Генерал — командующий армией, смахнув слезу, выпрямился, поднёс трубку к губам и, как в обойму, вложив в слова всю горечь утраты и лютую ненависть к врагам, скомандовал:

— За павших товарищей — огонь!

Залп… Залп… Залп…

Связисты-разведчики с переднего края сообщили по телефону:

— У противника паника.

Не мудрено. Такой интенсивности огня не было давно.

Война!.. Победа!

Слово «война» витало в воздухе давно, однако её начало каждого из нас застало по-разному.

Меня, например, на утреннем киносеансе. Демонстрировался «Закройщик из Торжка» с участием Игоря Ильинского. И хотя фильм весёлый и война была ещё очень далеко от Сталинграда, но мною овладела тревога. Мысли были там, где рвались бомбы.

Мой фронтовой друг Александр Андреевич Витковский, призванный на сборы, находился в Тоцких военных лагерях. Утром получил разрешение постирать в речке гимнастёрку. Прибежал посыльный: «Началась война».

Знакомый, работавший в тогдашней Бессарабии, только что вышел из ванной — стук в дверь. Велосипедист-молдаванин протянул повестку: «Распишитесь…» Через полчаса машина увозила его к фронту.

И с концом войны также встречались по-разному.

Молодой солдат Кузьма, раненный ночью, умер на перевязочном столе в тот момент, когда шло разоружение гитлеровцев. «Поднимите, взгляну, как сдаются…» — были его последние слова.

Лейтенант Коваленко служил на Дальнем Востоке и всё добивался отправки на фронт. После долгих хлопот получил назначение, но прибыл в наш полк… 9 мая, когда пушки замолчали.

Водителю полуторки, доставившему на передовую боеприпасы, заявили:

— Всё, брат, они не нужны.

— Как не нужны?

— А так, война закончилась.

Он побледнел и через открытую дверку мешком вывалился на землю, потеряв сознание. Отхаживали.

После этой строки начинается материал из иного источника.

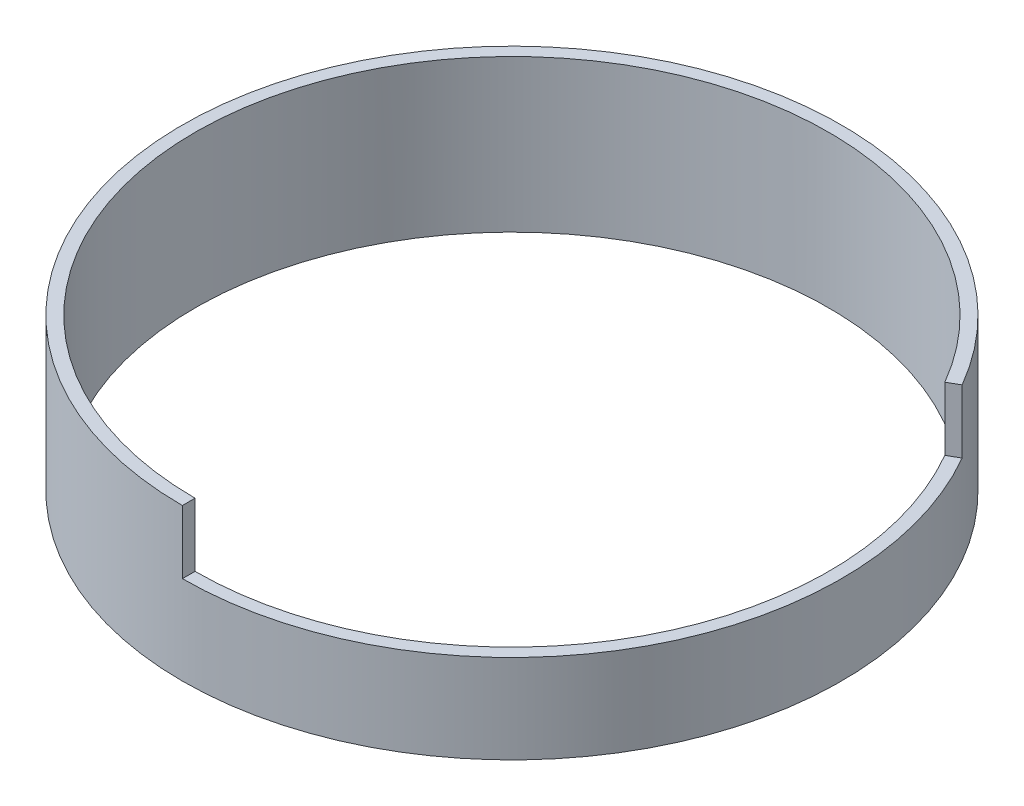
SolidWorks part; units mm, degrees
material "AISI 316 Stainless Steel Sheet (SS)"
ref_plane "Front Plane" through (0, 0, 0) normal (0, 0, 1) x (1, 0, 0)
ref_plane "Top Plane" through (0, 0, 0) normal (0, 1, 0) x (1, 0, 0)
ref_plane "Right Plane" through (0, 0, 0) normal (1, 0, 0) x (0, 0, -1)
sketch "Sketch1" plane through (0, 0, 0) normal (0, 1, 0) x (1, 0, 0)
  line L0 (0, -79.375) -> (0, -82.55)
  line L1 (68.7408, 39.6875) -> (71.4904, 41.275)
  circle A0 centre (0, 0) radius 79.375
  circle A1 centre (0, 0) radius 82.55
  dimension "D1" = 158.75
  dimension "D2" = 3.175
  dimension "D3" = 120
extrude "Boss-Extrude1" add sketch "Sketch1" along normal blind 38.1 contours L1 A1 L0 A0 region at (-2.258, 0, 80.9625)
extrude "Boss-Extrude2" add sketch "Sketch1<3>" along normal blind 22.225 contours L0 A1 L1 A0 region at (57.1789, 0, 57.1789)
sketch "Sketch1<3>" plane through (0, 0, 0) normal (0, 1, 0) x (1, 0, 0) same geometry as "Sketch1"
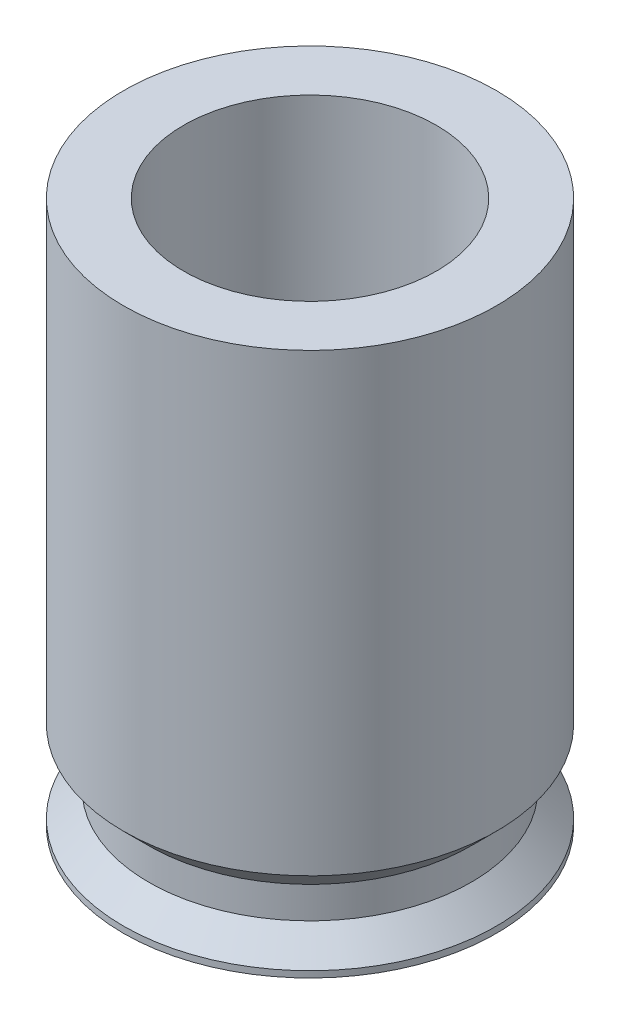
SolidWorks part; units mm, degrees
material "铸造碳钢"
ref_plane "前视基准面" through (0, 0, 0) normal (0, 0, 1) x (1, 0, 0)
ref_plane "上视基准面" through (0, 0, 0) normal (0, 1, 0) x (1, 0, 0)
ref_plane "右视基准面" through (0, 0, 0) normal (1, 0, 0) x (0, 0, -1)
sketch "草图1" plane through (0, 0, 0) normal (0, 1, 0) x (1, 0, 0)
  circle A0 centre (0, 0) radius 2
  circle A1 centre (0, 0) radius 2.95
  dimension "螺纹型号" = 4
  dimension "最大外径" = 5.9
extrude "凸台-拉伸1" add sketch "草图1" along normal mid plane 8.6
sketch "草图2" plane through (0, 0, 0) normal (1, 0, 0) x (0, 0, -1)
  line L0 (-6.4064, 0) -> (6.4064, 0) construction
  line L1 (0, -1000) -> (0, 49000) construction
  line L2 (-2.95, -3.3) -> (-2.55, -3.3)
  line L3 (-2.95, -3.3) -> (-2.95, -3.8)
  line L4 (-2.95, -3.8) -> (-2.55, -3.8)
  line L5 (-2.55, -3.3) -> (-2.55, -3.8)
  line L6 (-2.95, 4.3) -> (-2.95, -4.3) construction
  line L8 (-2.95, -4.3) -> (2.95, -4.3) construction
  point P4 (0, 0)
  dimension "D1" = 0.4
  dimension "D2" = 0.5
  dimension "D3" = 0.5
revolve "切除-旋转1" cut sketch "草图2" angle 360 about L1
chamfer "倒角1" distance 0.4 angle 45 2 edges at (0, -3.8, -2.95) (0, -3.3, -2.95)
other "冻结***"

У солдата, дважды раненного, несколько раз попадавшего в засады в лесах Прибалтики и Восточной Пруссии, нервы не выдержали резкого перепада чувств.

Прислугу полковой артиллерии, проснувшуюся 9 мая, ожидал приятный сюрприз. Из стволов их орудий приветственно выглядывали пышные букеты полевых цветов — алых маков. Постарались девушки-связистки.

А капитан Витковский в своём дневнике на следующий день записал: «Впервые снял гимнастёрку, шаровары и спал в нательном белье».